Habló con tanta gravedad que produjo silencio.
–Morris, si obtuvo sus tres deseos, ya no le sirve el talismán –dijo, finalmente, el señor White–. ¿Para qué lo guarda?
El sargento sacudió la cabeza:
–Probablemente he tenido, alguna vez, la idea de venderlo; pero creo que no lo haré. Ya ha causado bastantes desgracias. Además, la gente no quiere comprarlo. Algunos sospechan que es un cuento de hadas; otros quieren probarlo primero y pagarme después.
–Y si a usted le concedieran tres deseos más –dijo el señor White–, ¿los pediría?
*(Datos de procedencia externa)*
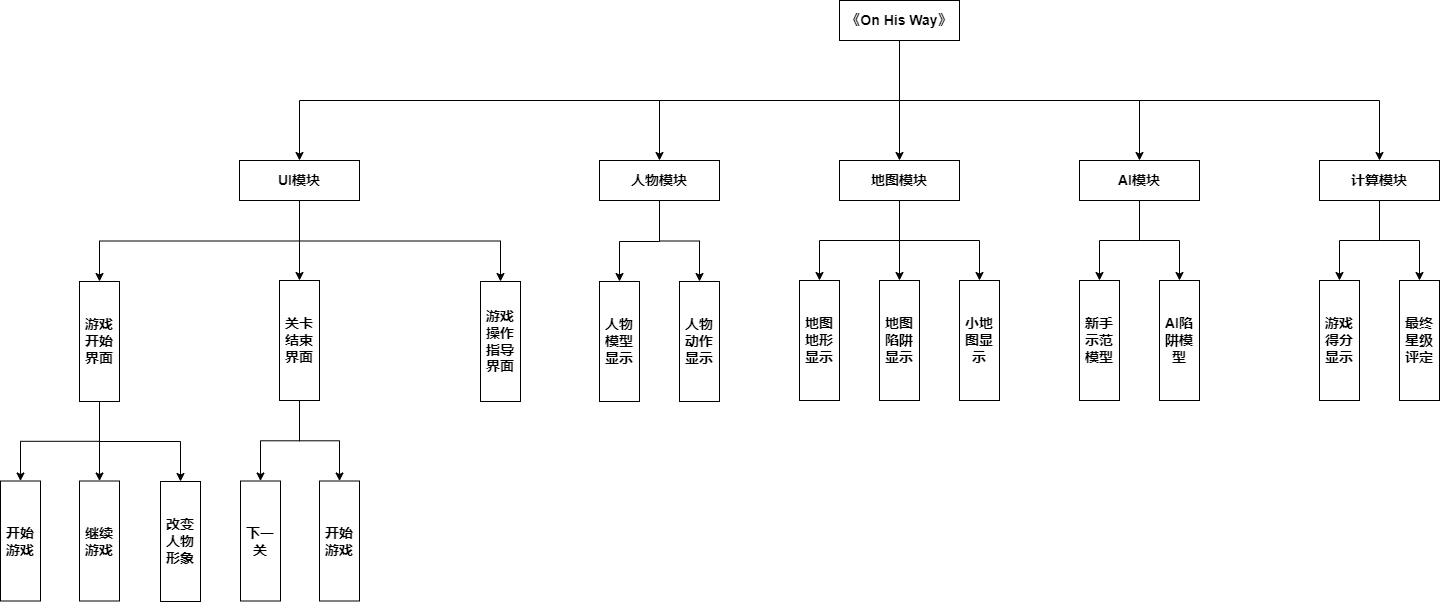

The diagram above was exported from draw.io. Its source (the exported page's mxGraphModel, read from the mxfile embedded in the PNG):
<mxGraphModel dx="509" dy="569" grid="1" gridSize="10" guides="1" tooltips="1" connect="1" arrows="1" fold="1" page="1" pageScale="1.5" pageWidth="1169" pageHeight="826" background="none" math="0" shadow="0">
  <root>
    <mxCell id="0" style=";html=1;" />
    <mxCell id="1" style=";html=1;" parent="0" />
    <mxCell id="Zk4PiN16IdMIVaJiAXDx-7" style="edgeStyle=orthogonalEdgeStyle;rounded=0;orthogonalLoop=1;jettySize=auto;html=1;exitX=0.5;exitY=1;exitDx=0;exitDy=0;entryX=0.5;entryY=0;entryDx=0;entryDy=0;fontSize=14;" parent="1" source="Zk4PiN16IdMIVaJiAXDx-1" target="Zk4PiN16IdMIVaJiAXDx-3" edge="1">
      <mxGeometry relative="1" as="geometry" />
    </mxCell>
    <mxCell id="Zk4PiN16IdMIVaJiAXDx-9" style="edgeStyle=orthogonalEdgeStyle;rounded=0;orthogonalLoop=1;jettySize=auto;html=1;exitX=0.5;exitY=1;exitDx=0;exitDy=0;entryX=0.5;entryY=0;entryDx=0;entryDy=0;fontSize=14;" parent="1" source="Zk4PiN16IdMIVaJiAXDx-1" target="Zk4PiN16IdMIVaJiAXDx-4" edge="1">
      <mxGeometry relative="1" as="geometry" />
    </mxCell>
    <mxCell id="Zk4PiN16IdMIVaJiAXDx-10" style="edgeStyle=orthogonalEdgeStyle;rounded=0;orthogonalLoop=1;jettySize=auto;html=1;exitX=0.5;exitY=1;exitDx=0;exitDy=0;entryX=0.5;entryY=0;entryDx=0;entryDy=0;fontSize=14;" parent="1" source="Zk4PiN16IdMIVaJiAXDx-1" target="Zk4PiN16IdMIVaJiAXDx-2" edge="1">
      <mxGeometry relative="1" as="geometry" />
    </mxCell>
    <mxCell id="Zk4PiN16IdMIVaJiAXDx-11" style="edgeStyle=orthogonalEdgeStyle;rounded=0;orthogonalLoop=1;jettySize=auto;html=1;exitX=0.5;exitY=1;exitDx=0;exitDy=0;entryX=0.5;entryY=0;entryDx=0;entryDy=0;fontSize=14;" parent="1" source="Zk4PiN16IdMIVaJiAXDx-1" target="Zk4PiN16IdMIVaJiAXDx-5" edge="1">
      <mxGeometry relative="1" as="geometry" />
    </mxCell>
    <mxCell id="Zk4PiN16IdMIVaJiAXDx-12" style="edgeStyle=orthogonalEdgeStyle;rounded=0;orthogonalLoop=1;jettySize=auto;html=1;exitX=0.5;exitY=1;exitDx=0;exitDy=0;fontSize=14;" parent="1" source="Zk4PiN16IdMIVaJiAXDx-1" target="Zk4PiN16IdMIVaJiAXDx-6" edge="1">
      <mxGeometry relative="1" as="geometry" />
    </mxCell>
    <mxCell id="Zk4PiN16IdMIVaJiAXDx-1" value="&lt;b&gt;&lt;font style=&quot;font-size: 14px;&quot;&gt;《On His Way》&lt;/font&gt;&lt;/b&gt;" style="rounded=0;whiteSpace=wrap;html=1;" parent="1" vertex="1">
      <mxGeometry x="919" y="79" width="120" height="40" as="geometry" />
    </mxCell>
    <mxCell id="Zk4PiN16IdMIVaJiAXDx-23" style="edgeStyle=orthogonalEdgeStyle;rounded=0;orthogonalLoop=1;jettySize=auto;html=1;exitX=0.5;exitY=1;exitDx=0;exitDy=0;entryX=0.5;entryY=0;entryDx=0;entryDy=0;fontSize=14;" parent="1" source="Zk4PiN16IdMIVaJiAXDx-2" target="Zk4PiN16IdMIVaJiAXDx-21" edge="1">
      <mxGeometry relative="1" as="geometry" />
    </mxCell>
    <mxCell id="Zk4PiN16IdMIVaJiAXDx-24" style="edgeStyle=orthogonalEdgeStyle;rounded=0;orthogonalLoop=1;jettySize=auto;html=1;exitX=0.5;exitY=1;exitDx=0;exitDy=0;entryX=0.5;entryY=0;entryDx=0;entryDy=0;fontSize=14;" parent="1" source="Zk4PiN16IdMIVaJiAXDx-2" target="Zk4PiN16IdMIVaJiAXDx-22" edge="1">
      <mxGeometry relative="1" as="geometry" />
    </mxCell>
    <mxCell id="Zk4PiN16IdMIVaJiAXDx-38" style="edgeStyle=orthogonalEdgeStyle;rounded=0;orthogonalLoop=1;jettySize=auto;html=1;exitX=0.5;exitY=1;exitDx=0;exitDy=0;entryX=0.5;entryY=0;entryDx=0;entryDy=0;fontSize=14;" parent="1" source="Zk4PiN16IdMIVaJiAXDx-2" target="Zk4PiN16IdMIVaJiAXDx-37" edge="1">
      <mxGeometry relative="1" as="geometry" />
    </mxCell>
    <mxCell id="Zk4PiN16IdMIVaJiAXDx-2" value="&lt;b&gt;&lt;font style=&quot;font-size: 14px;&quot;&gt;地图模块&lt;/font&gt;&lt;/b&gt;" style="rounded=0;whiteSpace=wrap;html=1;" parent="1" vertex="1">
      <mxGeometry x="919" y="239" width="120" height="40" as="geometry" />
    </mxCell>
    <mxCell id="Zk4PiN16IdMIVaJiAXDx-15" style="edgeStyle=orthogonalEdgeStyle;rounded=0;orthogonalLoop=1;jettySize=auto;html=1;exitX=0.5;exitY=1;exitDx=0;exitDy=0;entryX=0.5;entryY=0;entryDx=0;entryDy=0;fontSize=14;" parent="1" source="Zk4PiN16IdMIVaJiAXDx-3" target="Zk4PiN16IdMIVaJiAXDx-13" edge="1">
      <mxGeometry relative="1" as="geometry" />
    </mxCell>
    <mxCell id="Zk4PiN16IdMIVaJiAXDx-16" style="edgeStyle=orthogonalEdgeStyle;rounded=0;orthogonalLoop=1;jettySize=auto;html=1;exitX=0.5;exitY=1;exitDx=0;exitDy=0;entryX=0.5;entryY=0;entryDx=0;entryDy=0;fontSize=14;" parent="1" source="Zk4PiN16IdMIVaJiAXDx-3" target="Zk4PiN16IdMIVaJiAXDx-14" edge="1">
      <mxGeometry relative="1" as="geometry" />
    </mxCell>
    <mxCell id="Zk4PiN16IdMIVaJiAXDx-36" style="edgeStyle=orthogonalEdgeStyle;rounded=0;orthogonalLoop=1;jettySize=auto;html=1;exitX=0.5;exitY=1;exitDx=0;exitDy=0;entryX=0.5;entryY=0;entryDx=0;entryDy=0;fontSize=14;" parent="1" source="Zk4PiN16IdMIVaJiAXDx-3" target="Zk4PiN16IdMIVaJiAXDx-35" edge="1">
      <mxGeometry relative="1" as="geometry" />
    </mxCell>
    <mxCell id="Zk4PiN16IdMIVaJiAXDx-3" value="&lt;span style=&quot;font-size: 14px;&quot;&gt;&lt;b&gt;UI模块&lt;/b&gt;&lt;/span&gt;" style="rounded=0;whiteSpace=wrap;html=1;" parent="1" vertex="1">
      <mxGeometry x="319" y="239" width="120" height="40" as="geometry" />
    </mxCell>
    <mxCell id="Zk4PiN16IdMIVaJiAXDx-20" style="edgeStyle=orthogonalEdgeStyle;rounded=0;orthogonalLoop=1;jettySize=auto;html=1;exitX=0.5;exitY=1;exitDx=0;exitDy=0;entryX=0.5;entryY=0;entryDx=0;entryDy=0;fontSize=14;" parent="1" source="Zk4PiN16IdMIVaJiAXDx-4" target="Zk4PiN16IdMIVaJiAXDx-18" edge="1">
      <mxGeometry relative="1" as="geometry" />
    </mxCell>
    <mxCell id="voqWEg1FohmfS_r2zUtj-3" style="edgeStyle=orthogonalEdgeStyle;rounded=0;orthogonalLoop=1;jettySize=auto;html=1;exitX=0.5;exitY=1;exitDx=0;exitDy=0;entryX=0.5;entryY=0;entryDx=0;entryDy=0;" parent="1" source="Zk4PiN16IdMIVaJiAXDx-4" target="Zk4PiN16IdMIVaJiAXDx-17" edge="1">
      <mxGeometry relative="1" as="geometry">
        <mxPoint x="699" y="370" as="targetPoint" />
        <Array as="points">
          <mxPoint x="739" y="320" />
          <mxPoint x="699" y="320" />
        </Array>
      </mxGeometry>
    </mxCell>
    <mxCell id="Zk4PiN16IdMIVaJiAXDx-4" value="&lt;b&gt;&lt;font style=&quot;font-size: 14px;&quot;&gt;人物模块&lt;/font&gt;&lt;/b&gt;" style="rounded=0;whiteSpace=wrap;html=1;" parent="1" vertex="1">
      <mxGeometry x="679" y="239" width="120" height="40" as="geometry" />
    </mxCell>
    <mxCell id="Zk4PiN16IdMIVaJiAXDx-29" style="edgeStyle=orthogonalEdgeStyle;rounded=0;orthogonalLoop=1;jettySize=auto;html=1;exitX=0.5;exitY=1;exitDx=0;exitDy=0;entryX=0.5;entryY=0;entryDx=0;entryDy=0;fontSize=14;" parent="1" source="Zk4PiN16IdMIVaJiAXDx-5" target="Zk4PiN16IdMIVaJiAXDx-25" edge="1">
      <mxGeometry relative="1" as="geometry" />
    </mxCell>
    <mxCell id="Zk4PiN16IdMIVaJiAXDx-30" style="edgeStyle=orthogonalEdgeStyle;rounded=0;orthogonalLoop=1;jettySize=auto;html=1;exitX=0.5;exitY=1;exitDx=0;exitDy=0;entryX=0.5;entryY=0;entryDx=0;entryDy=0;fontSize=14;" parent="1" source="Zk4PiN16IdMIVaJiAXDx-5" target="Zk4PiN16IdMIVaJiAXDx-28" edge="1">
      <mxGeometry relative="1" as="geometry" />
    </mxCell>
    <mxCell id="Zk4PiN16IdMIVaJiAXDx-5" value="&lt;b&gt;&lt;font style=&quot;font-size: 14px;&quot;&gt;AI模块&lt;/font&gt;&lt;/b&gt;" style="rounded=0;whiteSpace=wrap;html=1;" parent="1" vertex="1">
      <mxGeometry x="1159" y="239" width="120" height="40" as="geometry" />
    </mxCell>
    <mxCell id="Zk4PiN16IdMIVaJiAXDx-33" style="edgeStyle=orthogonalEdgeStyle;rounded=0;orthogonalLoop=1;jettySize=auto;html=1;exitX=0.5;exitY=1;exitDx=0;exitDy=0;entryX=0.5;entryY=0;entryDx=0;entryDy=0;fontSize=14;" parent="1" source="Zk4PiN16IdMIVaJiAXDx-6" target="Zk4PiN16IdMIVaJiAXDx-31" edge="1">
      <mxGeometry relative="1" as="geometry" />
    </mxCell>
    <mxCell id="Zk4PiN16IdMIVaJiAXDx-34" style="edgeStyle=orthogonalEdgeStyle;rounded=0;orthogonalLoop=1;jettySize=auto;html=1;exitX=0.5;exitY=1;exitDx=0;exitDy=0;entryX=0.5;entryY=0;entryDx=0;entryDy=0;fontSize=14;" parent="1" source="Zk4PiN16IdMIVaJiAXDx-6" target="Zk4PiN16IdMIVaJiAXDx-32" edge="1">
      <mxGeometry relative="1" as="geometry" />
    </mxCell>
    <mxCell id="Zk4PiN16IdMIVaJiAXDx-6" value="&lt;b&gt;&lt;font style=&quot;font-size: 14px;&quot;&gt;计算模块&lt;/font&gt;&lt;/b&gt;" style="rounded=0;whiteSpace=wrap;html=1;" parent="1" vertex="1">
      <mxGeometry x="1399" y="239" width="120" height="40" as="geometry" />
    </mxCell>
    <mxCell id="Zk4PiN16IdMIVaJiAXDx-42" style="edgeStyle=orthogonalEdgeStyle;rounded=0;orthogonalLoop=1;jettySize=auto;html=1;exitX=0.5;exitY=1;exitDx=0;exitDy=0;entryX=0.5;entryY=0;entryDx=0;entryDy=0;fontSize=14;" parent="1" source="Zk4PiN16IdMIVaJiAXDx-13" target="Zk4PiN16IdMIVaJiAXDx-39" edge="1">
      <mxGeometry relative="1" as="geometry" />
    </mxCell>
    <mxCell id="Zk4PiN16IdMIVaJiAXDx-43" style="edgeStyle=orthogonalEdgeStyle;rounded=0;orthogonalLoop=1;jettySize=auto;html=1;exitX=0.5;exitY=1;exitDx=0;exitDy=0;entryX=0.5;entryY=0;entryDx=0;entryDy=0;fontSize=14;" parent="1" source="Zk4PiN16IdMIVaJiAXDx-13" target="Zk4PiN16IdMIVaJiAXDx-40" edge="1">
      <mxGeometry relative="1" as="geometry" />
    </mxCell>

–No sé –contestó el otro–. No sé.
Tomó la pata de mono, la agitó entre el pulgar y el índice y la tiró al fuego. White la recogió.
–Mejor que se queme –dijo con solemnidad el sargento.
–Si usted no la quiere, Morris, démela.
–No quiero –respondió terminantemente–. La tiré al fuego; si la guarda, no me eche la culpa de lo que pueda suceder. Sea razonable, tírela.
El otro sacudió la cabeza y examinó su nueva adquisición. Preguntó:
–¿Cómo se hace?
–Hay que tenerla en la mano derecha y pedir los deseos en voz alta. Pero le prevengo que debe temer las consecuencias.
–Parece de Las mil y una noches –dijo la señora White. Se levantó a preparar la mesa–. ¿No le parece que podrían pedir para mí otro par de manos?
El señor White sacó del bolsillo el talismán; los tres se rieron al ver la expresión de alarma del sargento.
–Si está resuelto a pedir algo –dijo agarrando el brazo de White–, pida algo razonable.
El señor White guardó en el bolsillo la pata de mono. Invitó a Morris a sentarse a la mesa. Durante la comida el talismán fue, en cierto modo, olvidado. Atraídos, escucharon nuevos relatos de la vida del sargento en la India.
–Si en el cuento de la pata de mono hay tanta verdad como en los otros –dijo Herbert cuando el forastero cerró la puerta y se alejó con prisa, para alcanzar el último tren–, no conseguiremos gran cosa.
–¿Le diste algo? –preguntó la señora mirando atentamente a su marido.
–Una bagatela –contestó el señor White, ruborizándose levemente–. No quería aceptarlo, pero lo obligué. Insistió en que tirara el talismán.
–Sin duda –dijo Herbert, con fingido horror–, seremos felices, ricos y famosos. Para empezar tienes que pedir un imperio, así no estarás dominado por tu mujer.
El señor White sacó del bolsillo el talismán y lo examinó con perplejidad.
–No se me ocurre nada para pedirle –dijo con lentitud–. Me parece que tengo todo lo que deseo.
–Si pagaras la hipoteca de la casa serías feliz, ¿no es cierto? –dijo Herbert poniéndole la mano sobre el hombro–. Bastará con que pidas doscientas libras.
El padre sonrió avergonzado de su propia credulidad y levantó el talismán; Herbert puso una cara solemne, hizo un guiño a su madre y tocó en el piano unos acordes graves.
–Quiero doscientas libras –pronunció el señor White.
Un gran estrépito del piano contestó a sus palabras. El señor dio un grito. Su mujer y su hijo corrieron hacia él.
–Se movió –dijo, mirando con desagrado el objeto, y lo dejó caer–. Se retorció en mi mano como una víbora.
–Pero no veo el dinero –dijo el hijo, recogiendo el talismán y poniéndolo en la mesa–. Apostaría que nunca lo veré.
–Habrá sido tu imaginación, querido –dijo la mujer, mirándolo ansiosamente.
Sacudió la cabeza.
–No importa. No ha sido nada. Pero me dio un susto.